From Auckland to Melbourne and beyond, it seems people are trying to come to terms with the rapid growth and density of our cities. The strategy to increase density, as a way to improve the liveability and functioning of our city, causes us all to reflect on the quality of life we are accustomed to, and what we might wish for in the future. In our minds, this means thinking about the amount of space we have, how we use it, and the way people seek to interact in it.
At 106 Architects, we have long been exploring the efficiency of space movement, both in the way we might work, and the way we collaborate with our clients. For example, all of our studios, Auckland, Melbourne, Wanaka are set within shared spaces. Sure, we have done this to optimise financial resources and our use of space. But more so, because we feel that the dynamic and dense arrangement of skills and expertise leads to better client outcomes. Why? Because the conversation in these spaces becomes fluid, we get smarter from the shared dialogue. And, moreover we’re more actively connected to the communities in which we work. This ultimately equals better designs for everyone we touch.
Our commitment to this space movement exploration was best illustrated during the Summer of 2016 when we set out to discover the impact a reduction of space might have on our business and the way we work. Hence the #GoneMobile experiment was born.
The #GoneMobile Experiment
106 Architects created a temporary office on the site of one of our projects – the Hyundai Marine Sports Centre in Okahu Bay, Auckland. The space, a 9 m2 caravan, was of a magnitude smaller than our 90 m2 studio. During our time in the 9m2 mobile office, we observed that the space changed in response to our needs. It happened in such a fluid way that it often flew under the radar. We moved from “documentation mode” to “meeting mode” all within the same small space, and with little disturbance to the way we worked. This eliminated the need for a number of adjoining spaces with fixed (constructed) purposes. Spatial boundaries become reduced or even blurred, making smaller spaces smarter by design.
The other advantage of working in a small office space by the sea, was that it was easy to manage, and it was flexible, even nimble. By being on the site and near our client-community, it opened up powerful conversations, while revealing extraordinary insights into how people engage with and benefit from the space and its surrounds.
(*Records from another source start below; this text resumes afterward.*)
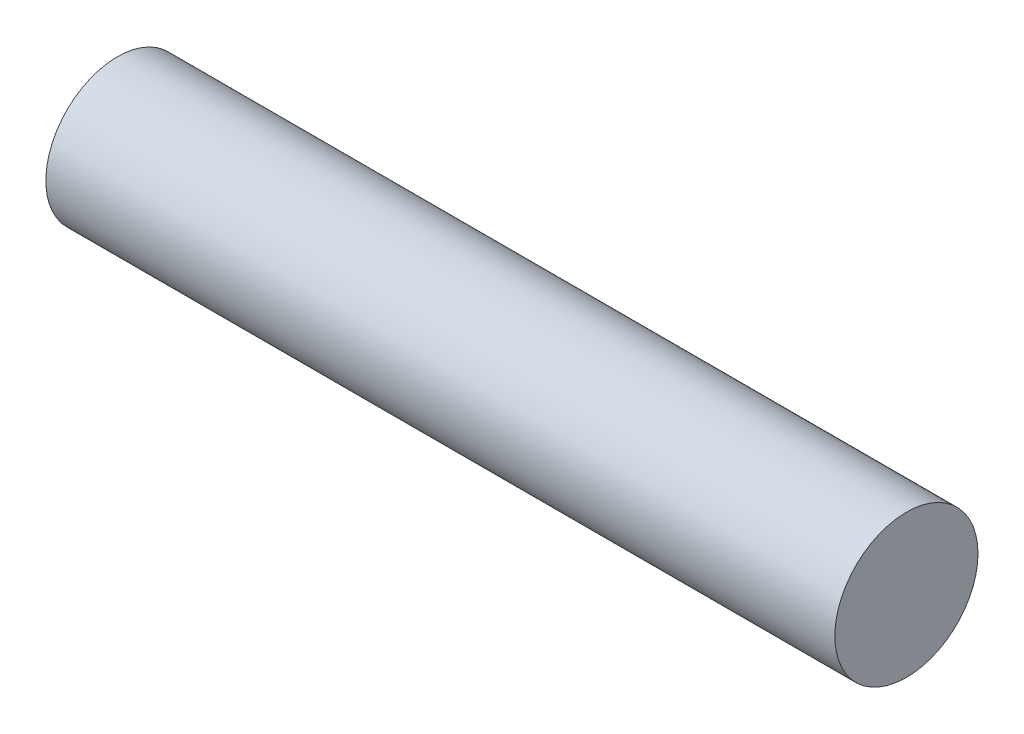
ISO-10303-21;
HEADER;
FILE_DESCRIPTION(('STEP AP214'),'2;1');
FILE_NAME('part.step','',(''),(''),'','','');
FILE_SCHEMA(('AUTOMOTIVE_DESIGN { 1 0 10303 214 1 1 1 1 }'));
ENDSEC;
DATA;
#1=APPLICATION_CONTEXT('core data for automotive mechanical design processes');
#2=APPLICATION_PROTOCOL_DEFINITION('international standard','automotive_design',2000,#1);
#3=PRODUCT_CONTEXT('',#1,'mechanical');
#4=PRODUCT('Part','Part','',(#3));
#5=PRODUCT_RELATED_PRODUCT_CATEGORY('part','',(#4));
#6=PRODUCT_DEFINITION_FORMATION('','',#4);
#7=PRODUCT_DEFINITION_CONTEXT('part definition',#1,'design');
#8=PRODUCT_DEFINITION('design','',#6,#7);
#9=PRODUCT_DEFINITION_SHAPE('','',#8);
#10=(LENGTH_UNIT() NAMED_UNIT(*) SI_UNIT(.MILLI.,.METRE.));
#11=(NAMED_UNIT(*) PLANE_ANGLE_UNIT() SI_UNIT($,.RADIAN.));
#12=(NAMED_UNIT(*) SI_UNIT($,.STERADIAN.) SOLID_ANGLE_UNIT());
#13=UNCERTAINTY_MEASURE_WITH_UNIT(LENGTH_MEASURE(1.E-05),#10,'distance_accuracy_value','');
#14=(GEOMETRIC_REPRESENTATION_CONTEXT(3) GLOBAL_UNCERTAINTY_ASSIGNED_CONTEXT((#13)) GLOBAL_UNIT_ASSIGNED_CONTEXT((#10,
#11,#12)) REPRESENTATION_CONTEXT('',''));
#15=CARTESIAN_POINT('',(0.,0.,0.));
#16=DIRECTION('',(0.,0.,1.));
#17=DIRECTION('',(1.,0.,0.));
#18=AXIS2_PLACEMENT_3D('',#15,#16,#17);
#19=CARTESIAN_POINT('',(27.,0.,0.));
#20=DIRECTION('',(-1.,0.,0.));
#21=DIRECTION('',(0.,0.,1.));
#22=AXIS2_PLACEMENT_3D('',#19,#20,#21);
#23=CYLINDRICAL_SURFACE('',#22,4.9);
#24=CARTESIAN_POINT('',(27.,0.,0.));
#25=DIRECTION('',(1.,0.,0.));
#26=DIRECTION('',(0.,0.,-1.));
#27=AXIS2_PLACEMENT_3D('',#24,#25,#26);
#28=CIRCLE('',#27,4.9);
#29=CARTESIAN_POINT('',(27.,0.,-4.9));
#30=VERTEX_POINT('',#29);
#31=EDGE_CURVE('E10',#30,#30,#28,.T.);
#32=ORIENTED_EDGE('',*,*,#31,.F.);
#33=EDGE_LOOP('',(#32));
#34=FACE_BOUND('',#33,.T.);
#35=CARTESIAN_POINT('',(-27.,0.,0.));
#36=DIRECTION('',(1.,0.,0.));
#37=DIRECTION('',(0.,0.,-1.));
#38=AXIS2_PLACEMENT_3D('',#35,#36,#37);
#39=CIRCLE('',#38,4.9);
#40=CARTESIAN_POINT('',(-27.,0.,-4.9));
#41=VERTEX_POINT('',#40);
#42=EDGE_CURVE('E36',#41,#41,#39,.T.);
#43=ORIENTED_EDGE('',*,*,#42,.T.);
#44=EDGE_LOOP('',(#43));
#45=FACE_BOUND('',#44,.T.);
#46=ADVANCED_FACE('F33',(#34,#45),#23,.T.);
#47=CARTESIAN_POINT('',(27.,0.,0.));
#48=DIRECTION('',(1.,0.,0.));
#49=DIRECTION('',(0.,0.,-1.));
#50=AXIS2_PLACEMENT_3D('',#47,#48,#49);
#51=PLANE('',#50);
#52=ORIENTED_EDGE('',*,*,#31,.T.);
#53=EDGE_LOOP('',(#52));
#54=FACE_BOUND('',#53,.T.);
#55=ADVANCED_FACE('F48',(#54),#51,.T.);
#56=CARTESIAN_POINT('',(-27.,0.,0.));
#57=DIRECTION('',(1.,0.,0.));
#58=DIRECTION('',(0.,0.,-1.));
#59=AXIS2_PLACEMENT_3D('',#56,#57,#58);
#60=PLANE('',#59);
#61=ORIENTED_EDGE('',*,*,#42,.F.);
#62=EDGE_LOOP('',(#61));
#63=FACE_BOUND('',#62,.T.);
#64=ADVANCED_FACE('F46',(#63),#60,.F.);
#65=CLOSED_SHELL('',(#46,#55,#64));
#66=MANIFOLD_SOLID_BREP('B2',#65);
#67=ADVANCED_BREP_SHAPE_REPRESENTATION('',(#18,#66),#14);
#68=SHAPE_DEFINITION_REPRESENTATION(#9,#67);
ENDSEC;
END-ISO-10303-21;

The 106 team found the move into our much loved harbour-side caravan office came with increased free-flow of ideas that surged back and forth with ease. Although we were experimenting with our business space, we knew the real opportunity was how we could apply these learnings to our future Living, Sports and Community designs.
How smaller spaces lead to better connections
Before the experiment, we knew that we would come away with some great ideas on how to introduce smart design into homes – how spaces can respond to changing needs for volume, size or purpose; otherwise known as smart spaces. Smart spaces are often expressed through the utilisation of sliding partitions to control volume or changing traditional geometry to create more versatile spaces. Of course, after #GoneMobile we came away with some ideas on how to better use kitchens as a family social hub, but perhaps the more profound learnings from the experiment related to how small spaces can help effectively breakdown social disconnection.
Small Spaces in the Digital Age
We live in an age where technology is infiltrating family and community life, resulting in ‘disconnection’ in a strangely connected world. This has been topical in the media for some time and is explored in Catherine Steiner-Adairs book, The Big Disconnect: Protecting Childhood and Family Relationships in the Digital Age, Some of the themes touched on in the book mirror our findings from the experiment. For example, good spatial planning can provide a setting for users to be present and together and smaller spaces by their very nature result in this happening. As such, when we collaborate with our living clients, we are now asking the question “What do you value when it comes to your family dynamics? Are the spaces in your home helping to facilitate and support these? Can we create spaces where digital use and social engagement can live together harmoniously?
Smaller spaces lend themselves to that ‘Third Place’
Perhaps most importantly, the learnings from the #GoneMobile experiment have also extended into our sporting designs. We often consider how small, smart spaces can create more dynamic and enhanced community intersections. They lend themselves to the trend that we are highly vested in and extremely passionate about – designing community facilities so that they can become that “Third Place.” That social place between work and home where we feel safe, accepted and part of a family. This is often best achieved within a small intimate setting rather than in large impersonal spaces. Creating these “Third Places” is something that we want to be known for and something which 106 Architects hopes to integrate into all our community designs in the future.
The next challenge – #StayingMobile
The team at 106 Architects is continuing to work on ideas for fun smart space experiments, which we are hoping will play out within close proximity to our newest Melbourne office location. We are proactively brainstorming our next move – for now let’s call it #StayingMobile! We’d love it if you could hit us up with your ideas on how you think we can continue the conversation. Together we can work towards optimising the outcomes of urban intensification so that lifestyle outcomes are better for everyone.